• _What this task involves_
Go through the data below and return each line where the string "Latency" occurs.

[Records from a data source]
"""

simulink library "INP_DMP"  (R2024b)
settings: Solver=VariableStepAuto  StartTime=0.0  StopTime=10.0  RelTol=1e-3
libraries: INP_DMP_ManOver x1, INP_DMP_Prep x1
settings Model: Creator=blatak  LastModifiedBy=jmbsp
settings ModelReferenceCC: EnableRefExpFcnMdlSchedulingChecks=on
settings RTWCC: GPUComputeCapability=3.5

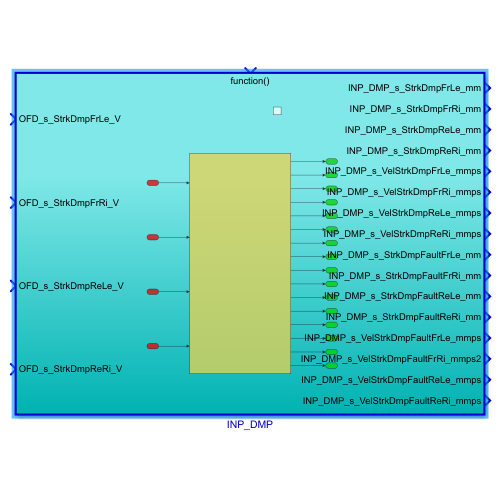
[thumbnail: Simulink's stored preview of the top-level diagram]
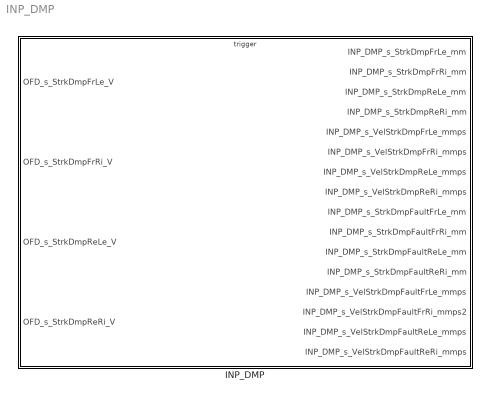
== system INP_DMP ==
  INP_DMP : Subsystem  TreatAsAtomicUnit=on

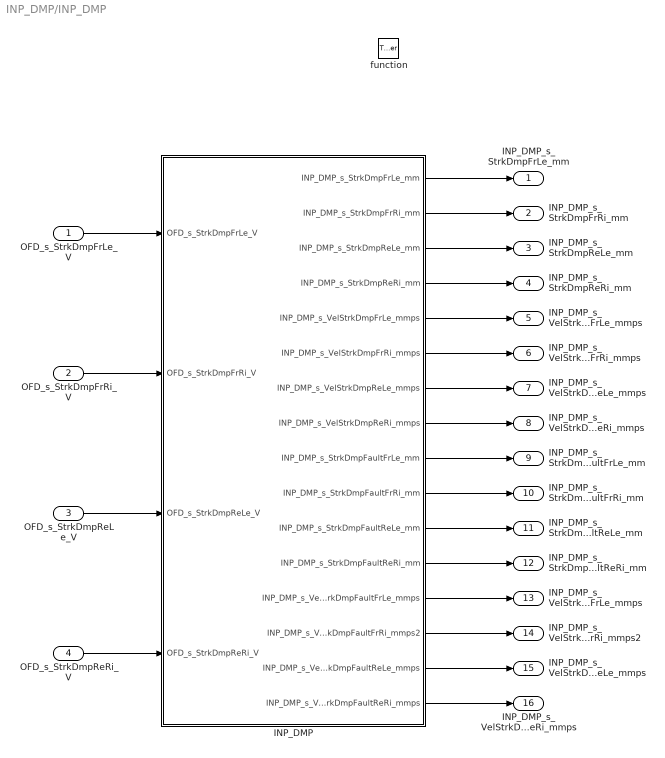
== system INP_DMP/INP_DMP ==
  OFD_s_StrkDmpFrLe_V : Inport
  OFD_s_StrkDmpFrRi_V : Inport  Port=2
  OFD_s_StrkDmpReLe_V : Inport  Port=3
  OFD_s_StrkDmpReRi_V : Inport  Port=4
  function : TriggerPort  TriggerType=function-call  VariantControl=(inherit)
  INP_DMP : Subsystem
  INP_DMP_s_StrkDmpFrLe_mm : Outport
  INP_DMP_s_StrkDmpFrRi_mm : Outport  Port=2
  INP_DMP_s_StrkDmpReLe_mm : Outport  Port=3
  INP_DMP_s_StrkDmpReRi_mm : Outport  Port=4
  INP_DMP_s_VelStrkDmpFrLe_mmps : Outport  Port=5
  INP_DMP_s_VelStrkDmpFrRi_mmps : Outport  Port=6
  INP_DMP_s_VelStrkDmpReLe_mmps : Outport  Port=7
  INP_DMP_s_VelStrkDmpReRi_mmps : Outport  Port=8
  INP_DMP_s_StrkDmpFaultFrLe_mm : Outport  Port=9
  INP_DMP_s_StrkDmpFaultFrRi_mm : Outport  Port=10
  INP_DMP_s_StrkDmpFaultReLe_mm : Outport  Port=11
  INP_DMP_s_StrkDmpFaultReRi_mm : Outport  Port=12
  INP_DMP_s_VelStrkDmpFaultFrLe_mmps : Outport  Port=13
  INP_DMP_s_VelStrkDmpFaultFrRi_mmps2 : Outport  Port=14
  INP_DMP_s_VelStrkDmpFaultReLe_mmps : Outport  Port=15
  INP_DMP_s_VelStrkDmpFaultReRi_mmps : Outport  Port=16
  wires:
  OFD_s_StrkDmpFrRi_V/1 -> INP_DMP/2(OFD_s_StrkDmpFrRi_V)
  OFD_s_StrkDmpFrLe_V/1 -> INP_DMP/1(OFD_s_StrkDmpFrLe_V)
  OFD_s_StrkDmpReLe_V/1 -> INP_DMP/3(OFD_s_StrkDmpReLe_V)
  OFD_s_StrkDmpReRi_V/1 -> INP_DMP/4(OFD_s_StrkDmpReRi_V)
  INP_DMP/1(INP_DMP_s_StrkDmpFrLe_mm) -> INP_DMP_s_StrkDmpFrLe_mm/1
  INP_DMP/2(INP_DMP_s_StrkDmpFrRi_mm) -> INP_DMP_s_StrkDmpFrRi_mm/1
  INP_DMP/3(INP_DMP_s_StrkDmpReLe_mm) -> INP_DMP_s_StrkDmpReLe_mm/1
  INP_DMP/4(INP_DMP_s_StrkDmpReRi_mm) -> INP_DMP_s_StrkDmpReRi_mm/1
  INP_DMP/5(INP_DMP_s_VelStrkDmpFrLe_mmps) -> INP_DMP_s_VelStrkDmpFrLe_mmps/1
  INP_DMP/6(INP_DMP_s_VelStrkDmpFrRi_mmps) -> INP_DMP_s_VelStrkDmpFrRi_mmps/1
  INP_DMP/7(INP_DMP_s_VelStrkDmpReLe_mmps) -> INP_DMP_s_VelStrkDmpReLe_mmps/1
  INP_DMP/8(INP_DMP_s_VelStrkDmpReRi_mmps) -> INP_DMP_s_VelStrkDmpReRi_mmps/1
  INP_DMP/9(INP_DMP_s_StrkDmpFaultFrLe_mm) -> INP_DMP_s_StrkDmpFaultFrLe_mm/1
  INP_DMP/10(INP_DMP_s_StrkDmpFaultFrRi_mm) -> INP_DMP_s_StrkDmpFaultFrRi_mm/1
  INP_DMP/11(INP_DMP_s_StrkDmpFaultReLe_mm) -> INP_DMP_s_StrkDmpFaultReLe_mm/1
  INP_DMP/12(INP_DMP_s_StrkDmpFaultReRi_mm) -> INP_DMP_s_StrkDmpFaultReRi_mm/1
  INP_DMP/13(INP_DMP_s_VelStrkDmpFaultFrLe_mmps) -> INP_DMP_s_VelStrkDmpFaultFrLe_mmps/1
  INP_DMP/14(INP_DMP_s_VelStrkDmpFaultFrRi_mmps2) -> INP_DMP_s_VelStrkDmpFaultFrRi_mmps2/1
  INP_DMP/15(INP_DMP_s_VelStrkDmpFaultReLe_mmps) -> INP_DMP_s_VelStrkDmpFaultReLe_mmps/1
  INP_DMP/16(INP_DMP_s_VelStrkDmpFaultReRi_mmps) -> INP_DMP_s_VelStrkDmpFaultReRi_mmps/1

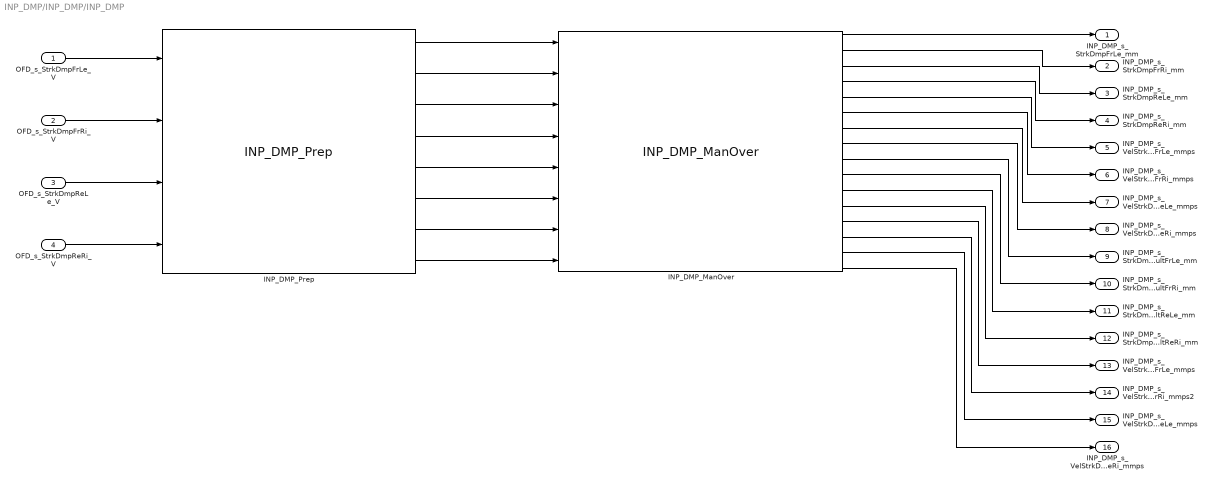
== system INP_DMP/INP_DMP/INP_DMP ==
  OFD_s_StrkDmpFrLe_V : Inport
  OFD_s_StrkDmpFrRi_V : Inport  Port=2
  OFD_s_StrkDmpReLe_V : Inport  Port=3
  OFD_s_StrkDmpReRi_V : Inport  Port=4
  INP_DMP_ManOver : INP_DMP_ManOver/INP_DMP_ManOver  SystemSampleTime=-1  VariantActivationTime=update diagram  AllowFlexibleInterface=on  Latency=0  AutoFrameSizeCalculation=off
  INP_DMP_Prep : INP_DMP_Prep/INP_DMP_Prep  SystemSampleTime=-1  VariantActivationTime=update diagram  AllowFlexibleInterface=on  Latency=0  AutoFrameSizeCalculation=off
  INP_DMP_s_StrkDmpFrLe_mm : Outport
  INP_DMP_s_StrkDmpFrRi_mm : Outport  Port=2
  INP_DMP_s_StrkDmpReLe_mm : Outport  Port=3
  INP_DMP_s_StrkDmpReRi_mm : Outport  Port=4
  INP_DMP_s_VelStrkDmpFrLe_mmps : Outport  Port=5
  INP_DMP_s_VelStrkDmpFrRi_mmps : Outport  Port=6
  INP_DMP_s_VelStrkDmpReLe_mmps : Outport  Port=7
  INP_DMP_s_VelStrkDmpReRi_mmps : Outport  Port=8
  INP_DMP_s_StrkDmpFaultFrLe_mm : Outport  Port=9
  INP_DMP_s_StrkDmpFaultFrRi_mm : Outport  Port=10
  INP_DMP_s_StrkDmpFaultReLe_mm : Outport  Port=11
  INP_DMP_s_StrkDmpFaultReRi_mm : Outport  Port=12
  INP_DMP_s_VelStrkDmpFaultFrLe_mmps : Outport  Port=13
  INP_DMP_s_VelStrkDmpFaultFrRi_mmps2 : Outport  Port=14
  INP_DMP_s_VelStrkDmpFaultReLe_mmps : Outport  Port=15
  INP_DMP_s_VelStrkDmpFaultReRi_mmps : Outport  Port=16
  wires:
  OFD_s_StrkDmpFrLe_V/1 -> INP_DMP_Prep/1
  OFD_s_StrkDmpFrRi_V/1 -> INP_DMP_Prep/2
  OFD_s_StrkDmpReLe_V/1 -> INP_DMP_Prep/3
  OFD_s_StrkDmpReRi_V/1 -> INP_DMP_Prep/4
  INP_DMP_Prep/1 -> INP_DMP_ManOver/1
  INP_DMP_Prep/2 -> INP_DMP_ManOver/2
  INP_DMP_Prep/3 -> INP_DMP_ManOver/3
  INP_DMP_Prep/4 -> INP_DMP_ManOver/4
  INP_DMP_Prep/5 -> INP_DMP_ManOver/5
  INP_DMP_Prep/6 -> INP_DMP_ManOver/6
  INP_DMP_Prep/7 -> INP_DMP_ManOver/7
  INP_DMP_Prep/8 -> INP_DMP_ManOver/8
  INP_DMP_ManOver/9 -> INP_DMP_s_StrkDmpFaultFrLe_mm/1
  INP_DMP_ManOver/10 -> INP_DMP_s_StrkDmpFaultFrRi_mm/1
  INP_DMP_ManOver/11 -> INP_DMP_s_StrkDmpFaultReLe_mm/1
  INP_DMP_ManOver/12 -> INP_DMP_s_StrkDmpFaultReRi_mm/1
  INP_DMP_ManOver/13 -> INP_DMP_s_VelStrkDmpFaultFrLe_mmps/1
  INP_DMP_ManOver/14 -> INP_DMP_s_VelStrkDmpFaultFrRi_mmps2/1
  INP_DMP_ManOver/15 -> INP_DMP_s_VelStrkDmpFaultReLe_mmps/1
  INP_DMP_ManOver/16 -> INP_DMP_s_VelStrkDmpFaultReRi_mmps/1
  INP_DMP_ManOver/1 -> INP_DMP_s_StrkDmpFrLe_mm/1
  INP_DMP_ManOver/2 -> INP_DMP_s_StrkDmpFrRi_mm/1
  INP_DMP_ManOver/3 -> INP_DMP_s_StrkDmpReLe_mm/1
  INP_DMP_ManOver/4 -> INP_DMP_s_StrkDmpReRi_mm/1
  INP_DMP_ManOver/8 -> INP_DMP_s_VelStrkDmpReRi_mmps/1
  INP_DMP_ManOver/7 -> INP_DMP_s_VelStrkDmpReLe_mmps/1
  INP_DMP_ManOver/6 -> INP_DMP_s_VelStrkDmpFrRi_mmps/1
  INP_DMP_ManOver/5 -> INP_DMP_s_VelStrkDmpFrLe_mmps/1

"""

• _Result for this exercise_
  INP_DMP_ManOver : INP_DMP_ManOver/INP_DMP_ManOver  SystemSampleTime=-1  VariantActivationTime=update diagram  AllowFlexibleInterface=on  Latency=0  AutoFrameSizeCalculation=off
  INP_DMP_Prep : INP_DMP_Prep/INP_DMP_Prep  SystemSampleTime=-1  VariantActivationTime=update diagram  AllowFlexibleInterface=on  Latency=0  AutoFrameSizeCalculation=off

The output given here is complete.